As I have stated in a later post on this site, after spending many months vociferously defending seller assisted down payment programs, I have personally come to the conclusion that a higher loan to value FHA loan program combined with stricter adherence to standard underwriting guidelines would be a better solution for FHA.
However, let me make sure that readers understand - If we cannot get a higher LTV FHA loan, I would rather have down seller assisted down payment programs than the rules as they exist today.
Mr. Russell, as you know from my Affidavit that is filed with the Maryland Court, I am an independent blogger and not an employee of ML. I have no connection with their business and do not have “co-workers”. To state otherwise with full knowledge of my affidavit is disingenuous at best.
While you state that my documented article is full of fabrications, you fail to provide specific information/documentation as to why public information and third party statements which I relied upon is incorrect.
The fact that I revised the verbiage in my article is not an admission of being wrong, but moreover the exercise of manners and a modicum of restraint. While I removed much of the personal commentary from the story, there wasn’t a material change in facts.
Instead of accepting the fact that as a public figure (at the center of a national controversy) you are subject to seething criticism and possible scorn, you instead result to legal (aka financial) bullying as a means of silencing opposition.
You go ahead and put together a “class action” as an attempt to squelch my voice against H.R. 6694 and the abuse from some of the so-called “non-profits” and I will continue to write and document my articles. In the end, both the courts and the public will decide.
FHASellerFundedDownpaymentOutfitSuesMLImplode
InEffortToSilenceCr.html
http://whistleblower.ml-implode.com/?page_id=122
And:
http://whistleblower.ml-implode.com/?p=184
Russell you might want to go back and take a look at the filing. As we clearly state, the initial version of the story was intentionally posted only for INTERNAL circulation; the public status was indeed unintentional. Your insistence on intentionality is completely baseless and since that is the case, you have manufactured a ridiculous claim about extortion (As if we would want YOUR money… Don’t flatter yourself. I’d rather eat depleted nuclear waste, in fact.).

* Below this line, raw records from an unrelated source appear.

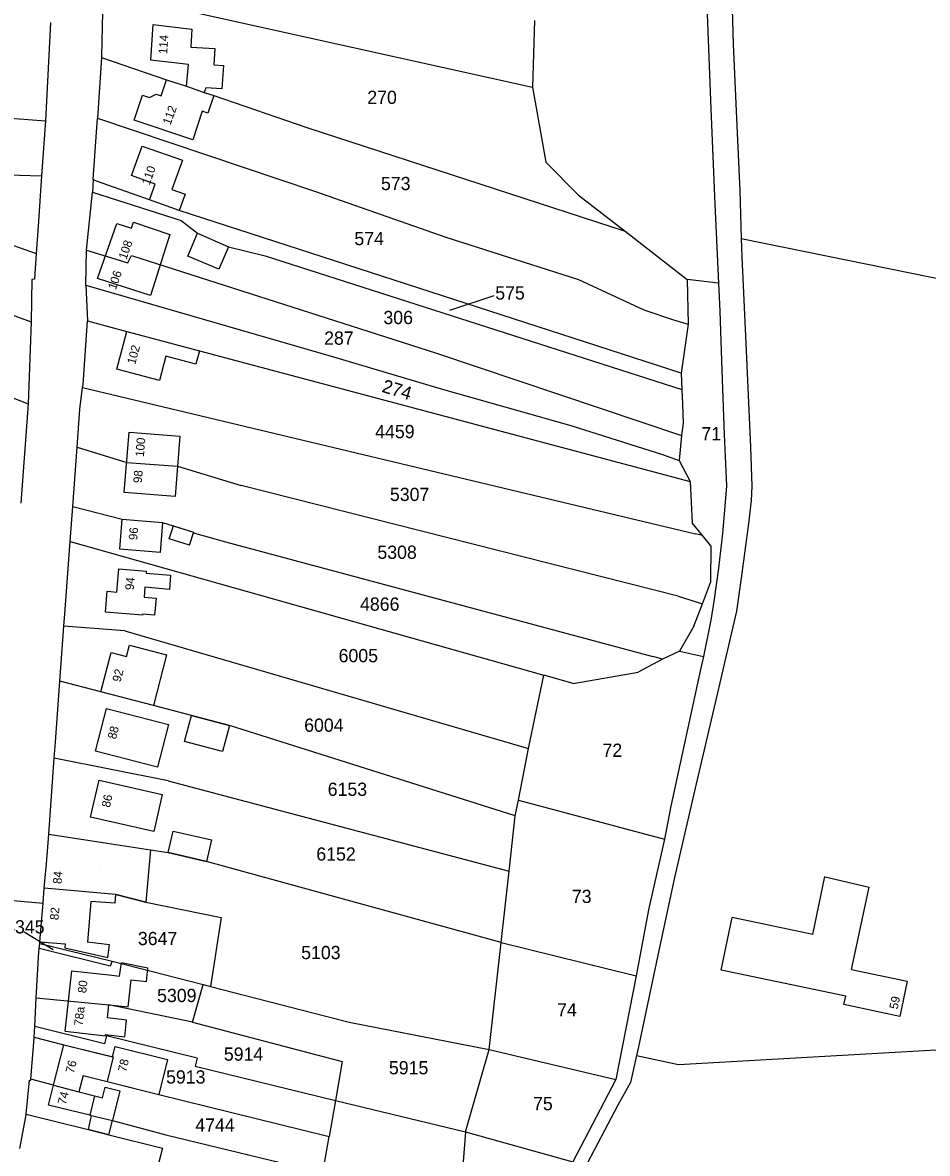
# Model space of a CAD drawing. Extents: x 191922 to 199923, y 328959 to 333350.
# Drawn here: x 196586.9 to 196771.4, y 331826.5 to 332057.2 of the extents above; entities that cross this region are included whole.
import ezdxf

# ---------------------------------------------------------------- set-up
doc = ezdxf.new("R2010")
doc.units = 0
for name, color, linetype in [('bestemmingsplangebied', 7, 'Continuous'), ('bouwvlak', 7, 'Continuous'), ('enkelbestemming', 7, 'Continuous'), ('Level 6', 7, 'Continuous'), ('maatvoering - maximum aantal wooneenheden', 7, 'Continuous'), ('recreatiewoning', 7, 'Continuous')]:
    doc.layers.add(name, color=color, linetype=linetype)

msp = doc.modelspace()

# ---------------------------------------------------------------- linework, layer by layer
at = {"layer": 'bestemmingsplangebied'}
for p, q in [((196599.26, 331983.41), (196600.18, 331996.37)), ((196599.26, 331983.41), (196600.18, 331996.37)), ((196600.18, 331996.37), (196608.22, 331994.22)), ((196600.18, 331996.37), (196608.22, 331994.22)), ((196608.22, 331994.22), (196622.98, 331990.26)), ((196608.22, 331994.22), (196622.98, 331990.26)), ((196622.98, 331990.26), (196723.07, 331963.57)), ((196622.98, 331990.26), (196723.07, 331963.57)), ((196599.18, 331982.8), (196599.26, 331983.41)), ((196599.18, 331982.8), (196599.26, 331983.41)), ((196598.63, 331978.35), (196599.18, 331982.8)), ((196598.63, 331978.35), (196599.18, 331982.8)), ((196598.06, 331970.61), (196598.63, 331978.35)), ((196598.06, 331970.61), (196598.63, 331978.35)), ((196597.17, 331958.51), (196598.06, 331970.61)), ((196597.17, 331958.51), (196598.06, 331970.61)), ((196723.07, 331963.57), (196723.5, 331955.17)), ((196723.07, 331963.57), (196723.5, 331955.17)), ((196596.64, 331951.34), (196597.17, 331958.51)), ((196596.64, 331951.34), (196597.17, 331958.51)), ((196725.59, 331952.57), (196723.5, 331955.17)), ((196725.59, 331952.57), (196723.5, 331955.17)), ((196595.56, 331936.62), (196596.64, 331951.34)), ((196595.56, 331936.62), (196596.64, 331951.34)), ((196727.29, 331950.45), (196725.59, 331952.57)), ((196727.29, 331950.45), (196725.59, 331952.57)), ((196727.29, 331950.45), (196727.23, 331943)), ((196727.29, 331950.45), (196727.23, 331943)), ((196725.55, 331938.64), (196727.23, 331943)), ((196725.55, 331938.64), (196727.23, 331943)), ((196723.8, 331934.07), (196725.55, 331938.64)), ((196723.8, 331934.07), (196725.55, 331938.64)), ((196595.37, 331934.08), (196595.56, 331936.62)), ((196595.37, 331934.08), (196595.56, 331936.62)), ((196594.55, 331922.86), (196595.37, 331934.08)), ((196594.55, 331922.86), (196595.37, 331934.08)), ((196723.8, 331934.07), (196720.86, 331928.96)), ((196723.8, 331934.07), (196720.86, 331928.96)), ((196720.86, 331928.96), (196717.39, 331927.36)), ((196720.86, 331928.96), (196717.39, 331927.36)), ((196717.39, 331927.36), (196712.47, 331924.7)), ((196717.39, 331927.36), (196712.47, 331924.7)), ((196690.08, 331909.1), (196693.24, 331924.06)), ((196690.08, 331909.1), (196693.24, 331924.06)), ((196699.2, 331922.41), (196693.24, 331924.06)), ((196699.2, 331922.41), (196693.24, 331924.06)), ((196699.2, 331922.41), (196712.47, 331924.7)), ((196699.2, 331922.41), (196712.47, 331924.7)), ((196593.63, 331910.41), (196594.55, 331922.86)), ((196593.63, 331910.41), (196594.55, 331922.86)), ((196593.39, 331907.14), (196593.63, 331910.41)), ((196593.39, 331907.14), (196593.63, 331910.41)), ((196688.02, 331898.57), (196690.08, 331909.1)), ((196688.02, 331898.57), (196690.08, 331909.1)), ((196592.25, 331891.65), (196593.39, 331907.14)), ((196592.25, 331891.65), (196593.39, 331907.14)), ((196687.39, 331895.36), (196688.02, 331898.57)), ((196687.39, 331895.36), (196688.02, 331898.57)), ((196686.12, 331884.06), (196687.39, 331895.36)), ((196686.12, 331884.06), (196687.39, 331895.36)), ((196591.8, 331885.57), (196592.25, 331891.65)), ((196591.8, 331885.57), (196592.25, 331891.65)), ((196591.35, 331880.59), (196591.8, 331885.57)), ((196591.35, 331880.59), (196591.8, 331885.57)), ((196684.49, 331869.51), (196686.12, 331884.06)), ((196684.49, 331869.51), (196686.12, 331884.06)), ((196591.13, 331877.56), (196591.35, 331880.59)), ((196591.13, 331877.56), (196591.35, 331880.59)), ((196580.95, 331878.46), (196591.13, 331877.56)), ((196580.95, 331878.46), (196591.13, 331877.56)), ((196682.04, 331847.74), (196684.49, 331869.51)), ((196682.04, 331847.74), (196684.49, 331869.51)), ((196677.28, 331830.94), (196682.04, 331847.74)), ((196677.28, 331830.94), (196682.04, 331847.74)), ((196677.28, 331830.94), (196674.36, 331795.88)), ((196677.28, 331830.94), (196674.36, 331795.88))]:
    msp.add_line(p, q, dxfattribs=at)
at = {"layer": 'bouwvlak'}
for p, q in [((196683.05, 332001.44), (196674.01, 331998.46)), ((196587.28, 331871.7), (196593.2, 331868.1))]:
    msp.add_line(p, q, dxfattribs=at)
at = {"layer": 'Level 6'}
for p, q in [((196731.04, 332077), (196731.85, 332052.85)), ((196603.27, 332062.52), (196603.02, 332050.38)), ((196603.23, 332063.51), (196690.94, 332044.03)), ((196726.49, 332060.74), (196727.25, 332039.65)), ((196592.64, 332057.27), (196591.59, 332037.19)), ((196691.35, 332057.62), (196690.94, 332044.03)), ((196731.85, 332052.85), (196732.56, 332036.14)), ((196603.02, 332050.38), (196603, 332050.08)), ((196603, 332050.08), (196602.18, 332037.7)), ((196603, 332050.08), (196616.31, 332045.53)), ((196616.31, 332045.53), (196620.38, 332044.22)), ((196620.38, 332044.22), (196623.99, 332042.95)), ((196690.94, 332044.03), (196693.62, 332028.72)), ((196623.99, 332042.95), (196625.92, 332042.31)), ((196625.92, 332042.31), (196644.89, 332035.82)), ((196727.25, 332039.65), (196728.12, 332020.15)), ((196574.36, 332038.47), (196591.59, 332037.19)), ((196591.59, 332037.19), (196590.82, 332025.95)), ((196601.35, 332025.22), (196602.18, 332037.7)), ((196602.18, 332037.7), (196646.69, 332022.78)), ((196644.89, 332035.82), (196709.81, 332014.64)), ((196732.56, 332036.14), (196733.18, 332022.98)), ((196693.62, 332028.72), (196700.3, 332022.02)), ((196543.49, 332026.21), (196589.73, 332010.11)), ((196576.7, 332026.4), (196590.82, 332025.95)), ((196590.82, 332025.95), (196590.11, 332015.67)), ((196601.35, 332025.22), (196601.17, 332022.62)), ((196602.01, 332024.88), (196601.35, 332025.22)), ((196599.95, 332010.82), (196601.17, 332022.62)), ((196601.17, 332022.62), (196619.3, 332016.81)), ((196612.84, 332021.05), (196602.01, 332024.88)), ((196646.69, 332022.78), (196673.21, 332013.46)), ((196733.18, 332022.98), (196733.49, 332013.14)), ((196618.89, 332018.89), (196612.84, 332021.05)), ((196700.3, 332022.02), (196709.81, 332014.64)), ((196721.24, 331985.72), (196618.89, 332018.89)), ((196728.12, 332020.15), (196728.86, 332004.04)), ((196619.3, 332016.81), (196622.59, 332014.24)), ((196590.11, 332015.67), (196589.73, 332010.11)), ((196622.59, 332014.24), (196628.9, 332011.48)), ((196673.21, 332013.46), (196700.3, 332004.79)), ((196709.81, 332014.64), (196722.45, 332004.82)), ((196542.59, 332013.06), (196588.66, 331996.14)), ((196628.9, 332011.48), (196636.38, 332009.63)), ((196733.49, 332013.14), (196733.61, 332009.36)), ((196733.49, 332013.14), (196790.77, 332001.54)), ((196589.73, 332010.11), (196589.38, 332004.84)), ((196599.86, 332003.67), (196599.95, 332010.82)), ((196599.95, 332010.82), (196608.4, 332008.23)), ((196608.4, 332008.23), (196609.15, 332009.72)), ((196609.15, 332009.72), (196671.3, 331989.8)), ((196636.38, 332009.63), (196721.35, 331982.34)), ((196733.61, 332009.36), (196734.39, 331991.8)), ((196588.81, 332004.78), (196588.66, 331996.14)), ((196589.38, 332004.84), (196588.81, 332004.78)), ((196700.3, 332004.79), (196713.59, 331998.63)), ((196722.45, 332004.82), (196722.68, 331995.72)), ((196728.86, 332004.04), (196722.45, 332004.82)), ((196599.86, 332003.67), (196600.18, 331996.37)), ((196599.86, 332003.67), (196650.3, 331989)), ((196728.86, 332004.04), (196729.13, 331998.36)), ((196541.52, 331997.88), (196588.06, 331979.42)), ((196713.59, 331998.63), (196719.65, 331996.55)), ((196729.13, 331998.36), (196729.54, 331986.24)), ((196588.66, 331996.14), (196588.06, 331979.42)), ((196719.65, 331996.55), (196722.68, 331995.72)), ((196722.68, 331995.72), (196721.24, 331985.72)), ((196734.39, 331991.8), (196735.37, 331970.62)), ((196650.3, 331989), (196672.27, 331982.5)), ((196671.3, 331989.8), (196721.31, 331972.95)), ((196721.24, 331985.72), (196721.35, 331982.34)), ((196729.54, 331986.24), (196729.96, 331973.21)), ((196599.18, 331982.8), (196724.14, 331952.91)), ((196672.27, 331982.5), (196698.73, 331975.02)), ((196721.35, 331982.34), (196721.47, 331979.35)), ((196588.06, 331979.42), (196586.6, 331959.17)), ((196721.47, 331979.35), (196721.64, 331975.49)), ((196698.73, 331975.02), (196717.44, 331969.1)), ((196721.64, 331975.49), (196721.31, 331972.95)), ((196721.31, 331972.95), (196720.81, 331967.85)), ((196729.96, 331973.21), (196730.46, 331962.74)), ((196598.06, 331970.61), (196608.16, 331967.5)), ((196735.37, 331970.62), (196735.61, 331962.65)), ((196608.16, 331967.5), (196618.5, 331966.69)), ((196717.44, 331969.1), (196720.81, 331967.85)), ((196720.81, 331967.85), (196723.07, 331963.57)), ((196618.5, 331966.69), (196631.48, 331962.76)), ((196720.59, 331940.19), (196631.48, 331962.76)), ((196730.46, 331962.74), (196730.22, 331959.38)), ((196735.61, 331962.65), (196735.48, 331959.74)), ((196597.17, 331958.51), (196607.25, 331955.91)), ((196730.22, 331959.38), (196729.68, 331952.98)), ((196735.48, 331959.74), (196734.98, 331955.01)), ((196607.25, 331955.91), (196615.47, 331955.25)), ((196615.47, 331955.25), (196621.81, 331953.26)), ((196734.98, 331955.01), (196733.46, 331943.84)), ((196596.64, 331951.34), (196693.24, 331924.06)), ((196621.81, 331953.26), (196621.75, 331953.09)), ((196621.75, 331953.09), (196628.34, 331951.28)), ((196628.34, 331951.28), (196715.47, 331927.88)), ((196725.59, 331952.57), (196724.14, 331952.91)), ((196729.68, 331952.98), (196728.87, 331945.91)), ((196728.87, 331945.91), (196727.97, 331939.56)), ((196733.46, 331943.84), (196732.51, 331937.14)), ((196720.59, 331940.19), (196725.55, 331938.64)), ((196727.97, 331939.56), (196727.25, 331935.27)), ((196727.25, 331935.27), (196725.76, 331927.91)), ((196732.51, 331937.14), (196731.75, 331933.92)), ((196607.81, 331933.11), (196595.37, 331934.08)), ((196607.81, 331933.11), (196690.08, 331909.1)), ((196731.75, 331933.92), (196728.64, 331920.5)), ((196720.86, 331928.96), (196725.76, 331927.91)), ((196717.39, 331927.36), (196715.47, 331927.88)), ((196725.76, 331927.91), (196725.19, 331925.25)), ((196725.19, 331925.25), (196719.1, 331897.35)), ((196602.88, 331920.69), (196594.55, 331922.86)), ((196613.6, 331917.89), (196602.88, 331920.69)), ((196728.64, 331920.5), (196723.82, 331899.85)), ((196621.36, 331915.88), (196613.6, 331917.89)), ((196629.1, 331913.83), (196621.36, 331915.88)), ((196687.39, 331895.36), (196629.1, 331913.83)), ((196616.59, 331902.53), (196593.39, 331907.14)), ((196616.59, 331902.53), (196686.12, 331884.06)), ((196688.02, 331898.57), (196717.84, 331890.6)), ((196723.82, 331899.85), (196719.89, 331882.78)), ((196719.1, 331897.35), (196717.84, 331890.6)), ((196592.25, 331891.65), (196603.28, 331889.95)), ((196603.28, 331889.95), (196613.01, 331888.44)), ((196717.84, 331890.6), (196714.55, 331876.18)), ((196613.01, 331888.44), (196616.62, 331887.92)), ((196616.62, 331887.92), (196624.46, 331886.04)), ((196684.49, 331869.51), (196624.46, 331886.04)), ((196719.89, 331882.78), (196716.68, 331867.91)), ((196605.96, 331879.33), (196591.35, 331880.59)), ((196590.48, 331869.69), (196591.13, 331877.56)), ((196605.96, 331879.33), (196612.04, 331877.77)), ((196612.04, 331877.77), (196627.4, 331874.61)), ((196714.55, 331876.18), (196712.02, 331862.75)), ((196627.4, 331874.61), (196625.28, 331860.57)), ((196590.24, 331867.63), (196590.32, 331868.33)), ((196590.32, 331868.33), (196590.43, 331869.32)), ((196604.76, 331864.72), (196590.32, 331868.33)), ((196590.43, 331869.32), (196590.48, 331869.69)), ((196590.43, 331869.32), (196605.21, 331865.73)), ((196684.49, 331869.51), (196712.02, 331862.75)), ((196589.73, 331858.24), (196590.24, 331867.63)), ((196605.21, 331865.73), (196604.76, 331864.72)), ((196605.21, 331865.73), (196623.78, 331860.96)), ((196716.68, 331867.91), (196712.5, 331848.23)), ((196712.02, 331862.75), (196707.92, 331841.58)), ((196621.61, 331853.25), (196623.78, 331860.96)), ((196623.78, 331860.96), (196625.28, 331860.57)), ((196625.28, 331860.57), (196653.54, 331853.31)), ((196589.41, 331852.4), (196589.73, 331858.24)), ((196589.73, 331858.24), (196604.55, 331856.8)), ((196621.61, 331853.25), (196604.55, 331856.8)), ((196589.29, 331850.21), (196589.41, 331852.4)), ((196603.65, 331848.85), (196589.41, 331852.4)), ((196621.61, 331853.25), (196652.12, 331845.23)), ((196653.54, 331853.31), (196682.04, 331847.74)), ((196588.64, 331841.66), (196589.27, 331850)), ((196589.27, 331850), (196589.28, 331850.05)), ((196589.28, 331850.05), (196589.29, 331850.21)), ((196589.29, 331850.21), (196595.34, 331848.68)), ((196604.06, 331850.51), (196603.65, 331848.85)), ((196622.51, 331845.96), (196604.06, 331850.51)), ((196595.34, 331848.68), (196605.39, 331846.21)), ((196682.04, 331847.74), (196707.92, 331841.58)), ((196712.5, 331848.23), (196712.11, 331846.48)), ((196720.65, 331844.62), (196775.58, 331847.77)), ((196605.39, 331846.21), (196604.15, 331841.16)), ((196622.51, 331845.96), (196622.1, 331844.31)), ((196652.12, 331845.23), (196650.72, 331837.27)), ((196712.11, 331846.48), (196710.86, 331841)), ((196712.11, 331846.48), (196720.65, 331844.62)), ((196622.1, 331844.31), (196650.72, 331837.27)), ((196587.65, 331834.52), (196588.37, 331841.43)), ((196588.37, 331841.43), (196588.63, 331841.43)), ((196588.63, 331841.43), (196588.64, 331841.66)), ((196593.26, 331840.43), (196588.64, 331841.66)), ((196593.26, 331840.43), (196598.42, 331839.06)), ((196604.15, 331841.16), (196614.68, 331838.51)), ((196707.92, 331841.58), (196699.14, 331824.78)), ((196710.86, 331841), (196708.32, 331836.33)), ((196598.42, 331839.06), (196601.59, 331838.27)), ((196601.59, 331838.27), (196600.61, 331834.34)), ((196614.68, 331838.51), (196619.7, 331837.28)), ((196619.7, 331837.28), (196649.43, 331829.95)), ((196650.72, 331837.27), (196649.43, 331829.95)), ((196650.72, 331837.27), (196677.28, 331830.94)), ((196708.32, 331836.33), (196701.43, 331823.31)), ((196586.35, 331827.53), (196587.64, 331834.4)), ((196587.64, 331834.4), (196587.65, 331834.52)), ((196587.65, 331834.52), (196600.28, 331831.38)), ((196600.61, 331834.34), (196605.25, 331833.23)), ((196600.28, 331831.38), (196604.53, 331830.32)), ((196605.25, 331833.23), (196616.14, 331830.33)), ((196604.53, 331830.32), (196615.44, 331827.61)), ((196616.14, 331830.33), (196648.13, 331822.57)), ((196648.13, 331822.57), (196649.43, 331829.95)), ((196677.28, 331830.94), (196699.14, 331824.78)), ((196615.44, 331827.61), (196613.61, 331820.61))]:
    msp.add_line(p, q, dxfattribs=at)
at = {"layer": 'recreatiewoning'}
for p, q in [((196613.08, 332049.57), (196613.53, 332056.86)), ((196602.22, 332004.98), (196606.14, 332016.24)), ((196606.14, 332016.24), (196609.12, 332015.25)), ((196609.12, 332015.25), (196609.57, 332016.52)), ((196609.57, 332016.52), (196616.95, 332013.98)), ((196616.95, 332013.98), (196613, 332001.54)), ((196620.6, 332009.56), (196622.59, 332014.24)), ((196626.92, 332006.92), (196620.6, 332009.56)), ((196613, 332001.54), (196602.22, 332004.98)), ((196606.13, 331986.49), (196608.22, 331994.22)), ((196616.16, 331989.13), (196614.83, 331984.17)), ((196622.24, 331987.5), (196616.16, 331989.13)), ((196622.98, 331990.26), (196622.24, 331987.5)), ((196614.83, 331984.17), (196606.13, 331986.49)), ((196607.67, 331961.34), (196608.66, 331973.66)), ((196608.66, 331973.66), (196618.99, 331972.84)), ((196618.99, 331972.84), (196618.01, 331960.52)), ((196618.01, 331960.52), (196607.67, 331961.34)), ((196606.74, 331949.79), (196607.25, 331955.91)), ((196607.25, 331955.91), (196615.47, 331955.25)), ((196615.47, 331955.25), (196614.98, 331949.12)), ((196616.85, 331951.91), (196617.68, 331954.55)), ((196617.68, 331954.55), (196621.81, 331953.26)), ((196620.97, 331950.63), (196616.85, 331951.91)), ((196620.97, 331950.63), (196621.75, 331953.09)), ((196621.81, 331953.26), (196621.75, 331953.09)), ((196614.98, 331949.12), (196606.74, 331949.79)), ((196606.14, 331941.03), (196606.54, 331945.76)), ((196606.54, 331945.76), (196612.14, 331945.29)), ((196612.14, 331945.29), (196612.1, 331944.89)), ((196612.1, 331944.89), (196617.12, 331944.48)), ((196617.12, 331944.48), (196616.88, 331941.59)), ((196611.88, 331942.01), (196611.71, 331939.99)), ((196616.88, 331941.59), (196611.88, 331942.01)), ((196603.82, 331936.91), (196604.15, 331941.2)), ((196604.15, 331941.2), (196606.14, 331941.03)), ((196611.71, 331939.99), (196614.15, 331939.79)), ((196614.15, 331939.79), (196613.86, 331936.34)), ((196611.4, 331936.29), (196603.82, 331936.91)), ((196611.43, 331936.55), (196611.4, 331936.29)), ((196613.86, 331936.34), (196611.43, 331936.55)), ((196602.88, 331920.69), (196604.97, 331928.67)), ((196604.97, 331928.67), (196608.15, 331927.86)), ((196608.15, 331927.86), (196608.74, 331930.17)), ((196608.74, 331930.17), (196616.28, 331928.2)), ((196616.28, 331928.2), (196613.6, 331917.89)), ((196613.6, 331917.89), (196602.88, 331920.69)), ((196601.82, 331908.55), (196604.07, 331917.26)), ((196604.07, 331917.26), (196616.66, 331914.02)), ((196619.96, 331910.56), (196621.36, 331915.88)), ((196621.36, 331915.88), (196629.1, 331913.83)), ((196616.66, 331914.02), (196614.41, 331905.29)), ((196629.1, 331913.83), (196627.71, 331908.48)), ((196627.71, 331908.48), (196619.96, 331910.56)), ((196614.41, 331905.29), (196601.82, 331908.55)), ((196600.79, 331895.09), (196602.53, 331902.69)), ((196602.53, 331902.69), (196615.41, 331899.74)), ((196615.41, 331899.74), (196613.69, 331892.15)), ((196613.69, 331892.15), (196600.79, 331895.09)), ((196592.25, 331891.65), (196603.28, 331889.95)), ((196616.62, 331887.92), (196617.65, 331892.26)), ((196617.65, 331892.26), (196625.48, 331890.48)), ((196603.28, 331889.95), (196613.01, 331888.44)), ((196625.48, 331890.48), (196624.46, 331886.04)), ((196613.01, 331888.44), (196612.04, 331877.77)), ((196624.46, 331886.04), (196616.62, 331887.92)), ((196602.82, 331884.57), (196602.82, 331884.57)), ((196748.09, 331871.18), (196750.52, 331882.97)), ((196750.57, 331882.96), (196759.53, 331880.86)), ((196591.11, 331877.56), (196591.35, 331880.59)), ((196755.96, 331864.04), (196759.53, 331880.86)), ((196590.48, 331869.69), (196591.11, 331877.56)), ((196600.85, 331877.93), (196600.18, 331869.58)), ((196605.81, 331877.54), (196600.85, 331877.93)), ((196605.81, 331877.54), (196605.96, 331879.33)), ((196612.04, 331877.77), (196605.96, 331879.33)), ((196729.35, 331863.92), (196731.6, 331874.65)), ((196748.09, 331871.18), (196731.6, 331874.65)), ((196590.48, 331869.69), (196595.63, 331869.28)), ((196595.63, 331869.28), (196595.56, 331868.45)), ((196595.56, 331868.45), (196604.32, 331866.51)), ((196604.65, 331869.06), (196600.18, 331869.58)), ((196604.32, 331866.51), (196604.65, 331869.06)), ((196595.62, 331851.42), (196596.97, 331863.77)), ((196596.97, 331863.77), (196605.16, 331862.87)), ((196606.67, 331862.68), (196607.08, 331865.42)), ((196612.46, 331864.33), (196607.08, 331865.42)), ((196612.17, 331861.6), (196612.46, 331864.33)), ((196754.77, 331858.58), (196729.35, 331863.92)), ((196755.96, 331864.04), (196767.31, 331861.63)), ((196605.16, 331862.87), (196605.16, 331862.84)), ((196605.16, 331862.84), (196606.67, 331862.68)), ((196608.43, 331856.38), (196609.04, 331861.95)), ((196609.04, 331861.95), (196612.17, 331861.6)), ((196767.31, 331861.63), (196765.79, 331854.47)), ((196604.26, 331854.15), (196604.55, 331856.8)), ((196604.55, 331856.8), (196608.43, 331856.38)), ((196754.41, 331856.86), (196754.77, 331858.58)), ((196765.79, 331854.47), (196754.41, 331856.86)), ((196608.15, 331853.72), (196604.26, 331854.15)), ((196607.78, 331850.31), (196608.15, 331853.72)), ((196595.62, 331851.42), (196603.83, 331850.52)), ((196603.83, 331850.52), (196603.85, 331850.74)), ((196603.85, 331850.74), (196607.78, 331850.31)), ((196593.26, 331840.43), (196595.34, 331848.68)), ((196595.34, 331848.68), (196605.28, 331846.24)), ((196605.28, 331846.24), (196605.79, 331848.32)), ((196605.79, 331848.32), (196616.49, 331845.69)), ((196616.49, 331845.69), (196614.68, 331838.51)), ((196592.23, 331836.33), (196593.26, 331840.43)), ((196599.25, 331842.4), (196598.42, 331839.06)), ((196599.25, 331842.4), (196614.68, 331838.51)), ((196598.42, 331839.06), (196603.25, 331837.86)), ((196603.25, 331837.86), (196603.79, 331840.03)), ((196603.79, 331840.03), (196606.76, 331839.29)), ((196606.76, 331839.29), (196605.25, 331833.23)), ((196600.89, 331834.27), (196592.23, 331836.33)), ((196600.89, 331834.27), (196600.28, 331831.38)), ((196604.53, 331830.32), (196600.28, 331831.38)), ((196604.53, 331830.32), (196605.25, 331833.23))]:
    msp.add_line(p, q, dxfattribs=at)
for points in [[(196613.53, 332056.86), (196621.47, 332055.91), (196621.22, 332052.23), (196626.15, 332051.9), (196625.92, 332048.59), (196627.9, 332048.46), (196627.53, 332043.71), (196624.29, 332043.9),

For those following along at home, all the substantive points of the original post still stand; we simply scaled back some opinion and wording to meet Russell’s initial shrill complaints. This leaves nothing left by way of defamation, which is why Russell must continually conflate the initial and final posting, and make up fantasies about extortion.
If we really cared that much about the money, why would we leave the article up and go through an expensive court battle?